Courier leads US backing of Serena umpire on his return

Australian newspaper insists controversial Serena Williams cartoon is not racist

Australian newspaper insists controversial Serena Williams cartoon is not racist

She also moved to excuse Williams' behaviour during an interview with ESPN the following day when she suggested Williams would not have expected her outburst towards Ramos to have been captured on live TV.

Cartoonist Mark Knight's image, published in Melbourne's Herald Sun, showed an angry Williams with exaggerated lips and tongue and a wild plume of curly hair rising from the top of her head as she stomped on her tennis racket.

But after returning to Japan on Thursday, Osaka insisted there were no hard feelings towards Williams, who branded umpire Carlos Ramos a "thief" in an astonishing tantrum triggered by a code violation for coaching that culminated in a docked game. Sometime later, she smashed her racket in frustration.

'Ramos is tough, one of the best umpires in the world, he did what he had to do in that match, because she overstepped the limit.

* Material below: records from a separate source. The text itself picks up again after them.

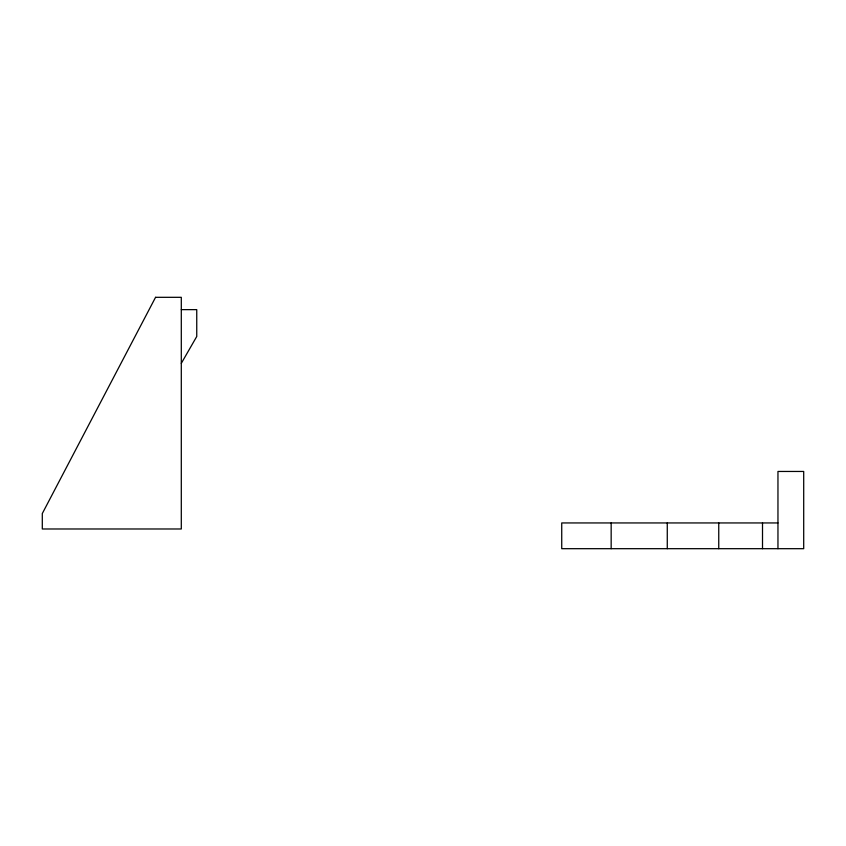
<?xml version="1.0" encoding="UTF-8"?>
<svg xmlns="http://www.w3.org/2000/svg" width="846" height="846" viewBox="0 0 846 846"><rect width="100%" height="100%" fill="white"/><g stroke="black" fill="none" stroke-linecap="round" stroke-linejoin="round"><path stroke-width="1.27" d="M181.298 363.346L196.748 336.486L196.748 309.636L181.298 309.636M777.96 522.944L561.733 522.944L561.733 548.684L803.7 548.684L803.7 471.455L777.96 471.455L777.96 548.684M762.51 522.944L762.51 548.684M718.751 522.944L718.751 548.684M667.272 522.944L667.272 548.684M611.161 522.944L611.161 548.684M155.558 297.316L42.3 513.543L42.3 528.983L181.298 528.983L181.298 297.316L155.558 297.316"/></g></svg>
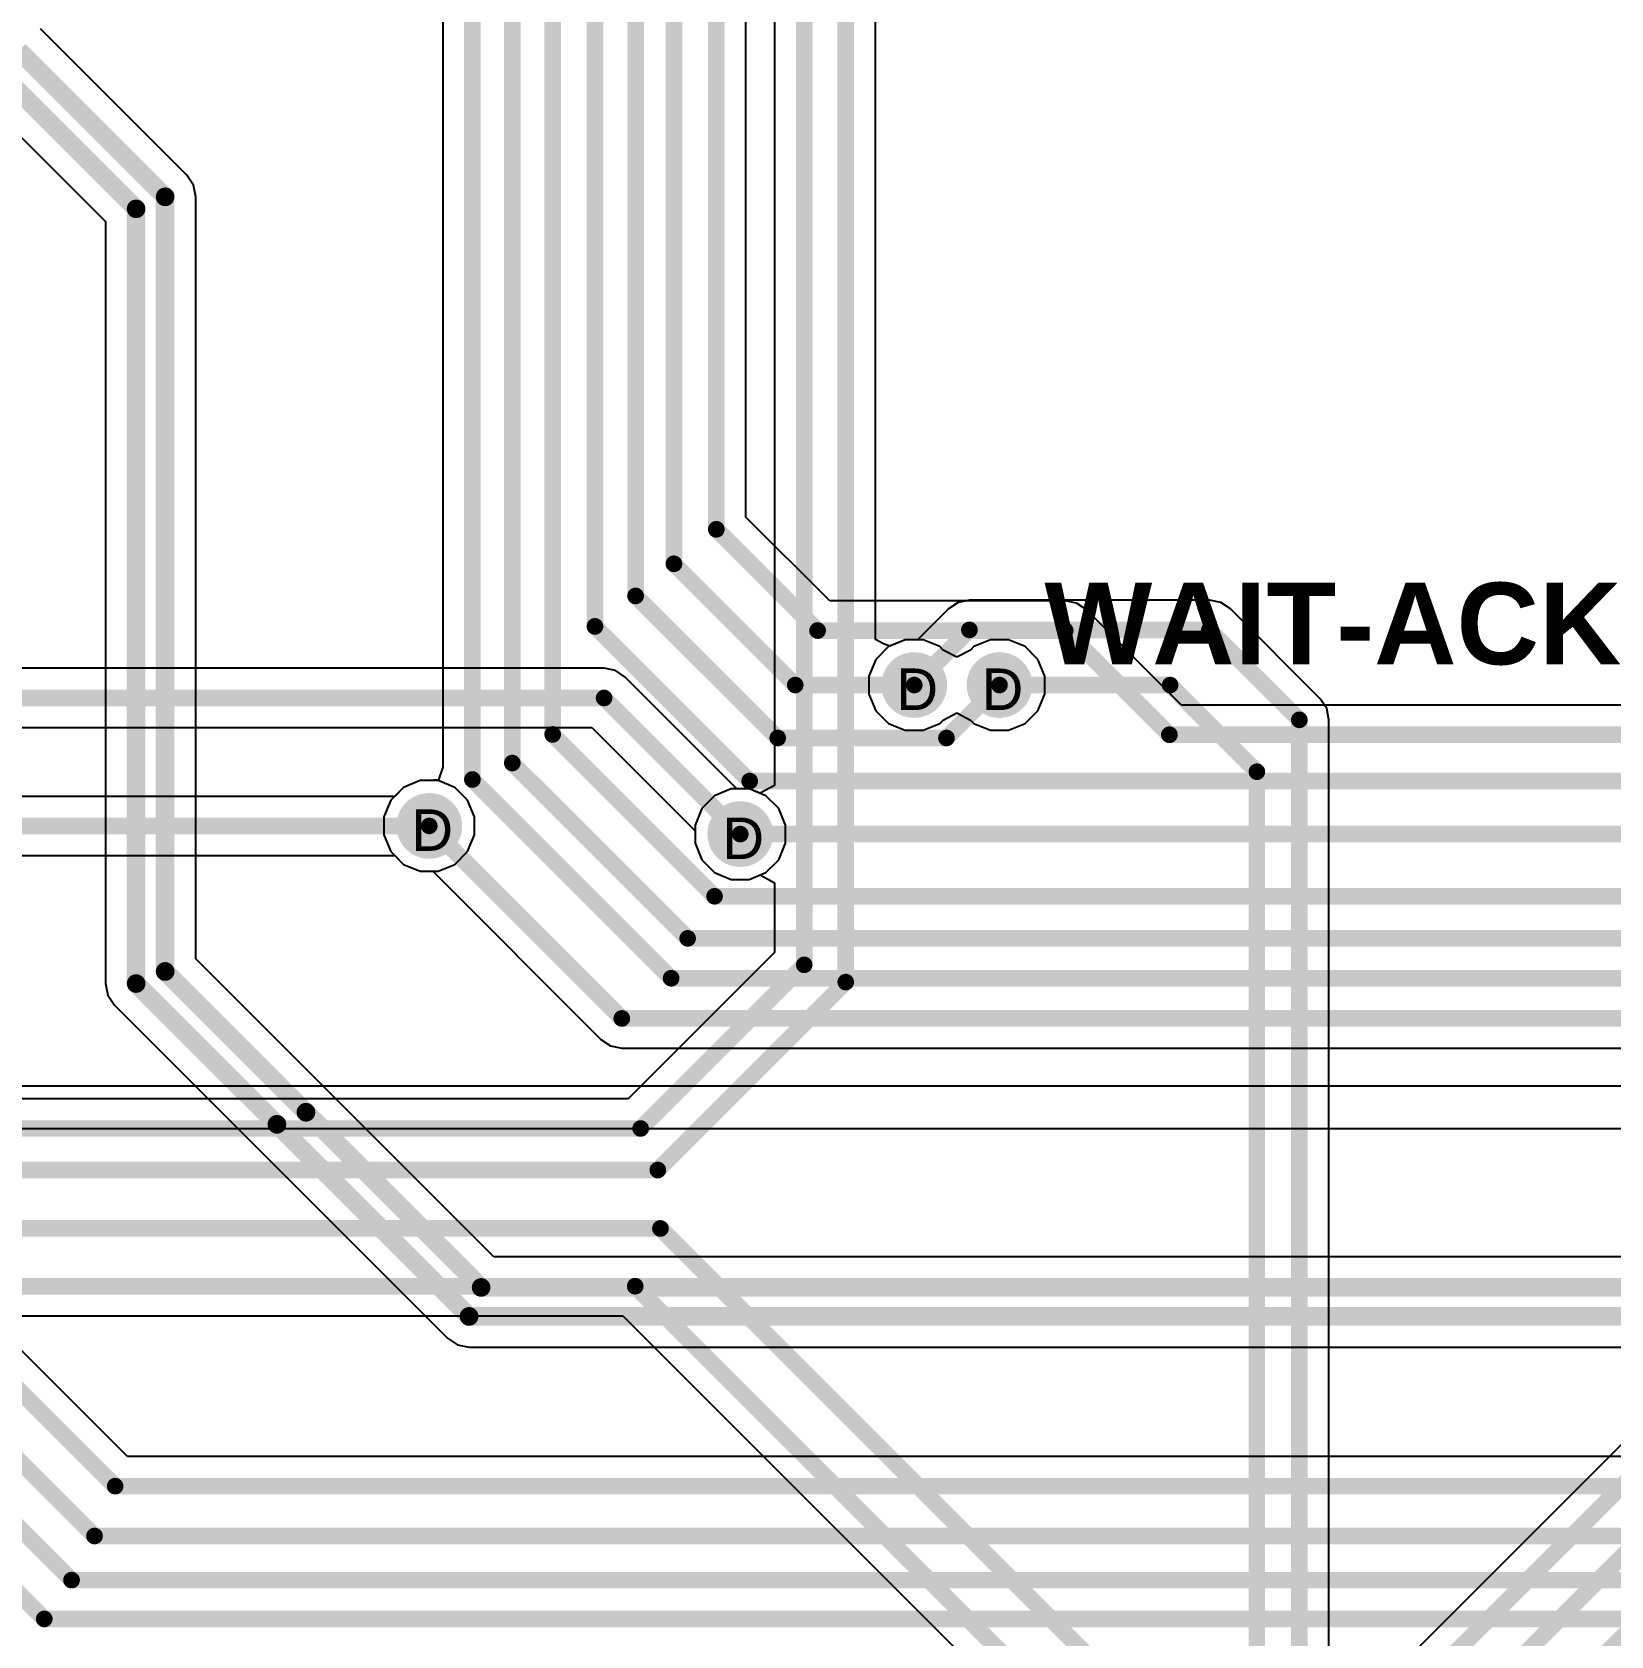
# Model space of a CAD drawing. Header units: inches. Extents: x 0 to 5032, y 0 to 5323.
# Drawn here: x 109.37 to 128.69, y 56.76 to 76.39 of the extents above; entities that cross this region are included whole.
import ezdxf

# ---------------------------------------------------------------- set-up
doc = ezdxf.new("R2010")
doc.units = ezdxf.units.IN
for name, color, linetype in [('Bottom Layer', 5, 'Continuous'), ('Bottom Solder', 6, 'Continuous'), ('Drill Drawing', 1, 'Continuous'), ('Layer 1', 16, 'Continuous'), ('Layer 2', 76, 'Continuous'), ('Top Layer', 1, 'Continuous'), ('Top Overlay', 2, 'Continuous'), ('Top Solder', 216, 'Continuous'), ('Via Holes', 16, 'Continuous')]:
    doc.layers.add(name, color=color, linetype=linetype)
doc.styles.add('Arial', font='', dxfattribs={"height": 0.2})
doc.styles.add('Arial_Bold', font='', dxfattribs={"height": 0.2})
doc.styles.get('Arial').set_extended_font_data('Arial')
doc.styles.get('Arial_Bold').set_extended_font_data('Arial', bold=True)

msp = doc.modelspace()

# ---------------------------------------------------------------- hatches: boundary and pattern name
at = {"layer": 'Bottom Layer'}
h = msp.add_hatch(color=5, dxfattribs=at)
edge = h.paths.add_edge_path()
edge.add_arc((120.166, 68.396), 0.3, 0, 360)
h = msp.add_hatch(color=5, dxfattribs=at)
edge = h.paths.add_edge_path()
edge.add_arc((121.209, 68.396), 0.3, 0, 360)
h = msp.add_hatch(color=5, dxfattribs=at)
edge = h.paths.add_edge_path()
edge.add_arc((114.231, 66.672), 0.3, 0, 360)
h = msp.add_hatch(color=5, dxfattribs=at)
edge = h.paths.add_edge_path()
edge.add_arc((118.037, 66.572), 0.3, 0, 360)
at = {"layer": 'Bottom Solder'}
h = msp.add_hatch(color=6, dxfattribs=at)
edge = h.paths.add_edge_path()
edge.add_arc((120.166, 68.396), 0.402, 0, 360)
h = msp.add_hatch(color=6, dxfattribs=at)
edge = h.paths.add_edge_path()
edge.add_arc((121.209, 68.396), 0.402, 0, 360)
h = msp.add_hatch(color=6, dxfattribs=at)
edge = h.paths.add_edge_path()
edge.add_arc((114.231, 66.672), 0.402, 0, 360)
h = msp.add_hatch(color=6, dxfattribs=at)
edge = h.paths.add_edge_path()
edge.add_arc((118.037, 66.572), 0.402, 0, 360)
at = {"layer": 'Layer 1'}
h = msp.add_hatch(color=16, dxfattribs=at)
edge = h.paths.add_edge_path()
edge.add_arc((120.166, 68.396), 0.3, 0, 360)
h = msp.add_hatch(color=16, dxfattribs=at)
edge = h.paths.add_edge_path()
edge.add_arc((121.209, 68.396), 0.3, 0, 360)
h = msp.add_hatch(color=16, dxfattribs=at)
edge = h.paths.add_edge_path()
edge.add_arc((114.231, 66.672), 0.3, 0, 360)
h = msp.add_hatch(color=16, dxfattribs=at)
edge = h.paths.add_edge_path()
edge.add_arc((118.037, 66.572), 0.3, 0, 360)
at = {"layer": 'Layer 2'}
h = msp.add_hatch(color=76, dxfattribs=at)
edge = h.paths.add_edge_path()
edge.add_arc((120.166, 68.396), 0.3, 0, 360)
h = msp.add_hatch(color=76, dxfattribs=at)
edge = h.paths.add_edge_path()
edge.add_arc((121.209, 68.396), 0.3, 0, 360)
h = msp.add_hatch(color=76, dxfattribs=at)
edge = h.paths.add_edge_path()
edge.add_arc((114.231, 66.672), 0.3, 0, 360)
h = msp.add_hatch(color=76, dxfattribs=at)
edge = h.paths.add_edge_path()
edge.add_arc((118.037, 66.572), 0.3, 0, 360)
at = {"layer": 'Top Layer'}
h = msp.add_hatch(color=1, dxfattribs=at)
edge = h.paths.add_edge_path()
edge.add_arc((120.166, 68.396), 0.3, 0, 360)
h = msp.add_hatch(color=1, dxfattribs=at)
edge = h.paths.add_edge_path()
edge.add_arc((121.209, 68.396), 0.3, 0, 360)
h = msp.add_hatch(color=1, dxfattribs=at)
edge = h.paths.add_edge_path()
edge.add_arc((114.231, 66.672), 0.3, 0, 360)
h = msp.add_hatch(color=1, dxfattribs=at)
edge = h.paths.add_edge_path()
edge.add_arc((118.037, 66.572), 0.3, 0, 360)
at = {"layer": 'Top Solder'}
h = msp.add_hatch(color=216, dxfattribs=at)
edge = h.paths.add_edge_path()
edge.add_arc((120.166, 68.396), 0.402, 0, 360)
h = msp.add_hatch(color=216, dxfattribs=at)
edge = h.paths.add_edge_path()
edge.add_arc((121.209, 68.396), 0.402, 0, 360)
h = msp.add_hatch(color=216, dxfattribs=at)
edge = h.paths.add_edge_path()
edge.add_arc((114.231, 66.672), 0.402, 0, 360)
h = msp.add_hatch(color=216, dxfattribs=at)
edge = h.paths.add_edge_path()
edge.add_arc((118.037, 66.572), 0.402, 0, 360)
at = {"layer": 'Via Holes'}
h = msp.add_hatch(color=7, dxfattribs=at)
edge = h.paths.add_edge_path()
edge.add_arc((120.166, 68.396), 0.15, 0, 360)
h = msp.add_hatch(color=7, dxfattribs=at)
edge = h.paths.add_edge_path()
edge.add_arc((121.209, 68.396), 0.15, 0, 360)
h = msp.add_hatch(color=7, dxfattribs=at)
edge = h.paths.add_edge_path()
edge.add_arc((114.231, 66.672), 0.15, 0, 360)
h = msp.add_hatch(color=7, dxfattribs=at)
edge = h.paths.add_edge_path()
edge.add_arc((118.037, 66.572), 0.15, 0, 360)

# ---------------------------------------------------------------- linework, layer by layer
at = {"layer": 'Bottom Layer'}
for p, q in [((119.69, 68.955), (119.69, 92.253)), ((118.457, 88.992), (118.457, 67.167)), ((120.584, 69.327), (120.207, 68.95)), ((120.702, 69.406), (120.584, 69.327)), ((120.584, 69.327), (120.584, 69.327)), ((120.841, 69.433), (120.702, 69.406)), ((123.777, 69.433), (120.841, 69.433)), ((120.841, 69.433), (120.841, 69.433)), ((123.916, 69.406), (123.777, 69.433)), ((123.777, 69.433), (123.777, 69.433)), ((124.034, 69.327), (123.916, 69.406)), ((125.134, 68.226), (124.034, 69.327)), ((119.789, 68.901), (119.69, 68.955)), ((119.868, 68.872), (119.789, 68.901)), ((120.056, 68.95), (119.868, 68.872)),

"I'm genuinely embarrassed for you", Julie Stoddart said in a tweet, while Ken McAlpine tweeted: "Poor little newspaper needs a hug". "I have a daughter and I stand for what is right and I have never cheated". "It made me feel like it was a sexist remark", she told reporters on Saturday.

"But if you were talking about my tennis, I think my tennis is not very Japanese".

Carlos Ramos officiates during the US Open women's singles final. Williams's penalties carry a combined total of $17,000 in fines.

Knight's cartoon in response to Williams on-court and off-court antics quickly came under fire from Chicago sports radio host Julie DiCaro.

The veteran cartoonist added Wednesday he had suspended his Twitter account to protect his family and friends.

He questioned the imposition by social media critics of no-go areas in cartooning and other critical media.

However, he would go on to recant his observation.

Osaka, 20, heard boos when she was receiving her trophy and in the moment thought they were directed at her for her win against fan-favorite Williams.

"A champion tennis player had a mega tantrum on the world stage, and Mark's cartoon depicted that", said Johnston.

Underneath the headline "Welcome to PC world", the newspaper wrote: "If the self-appointed censors of Mark Knight get their way on his Serena Williams cartoon, our new politically correct life will be very tiresome indeed".

"The Sept 10 cartoon not only exudes racist, sexist caricatures of both women, but Williams' depiction is unnecessarily sambo-like", the association said in a statement.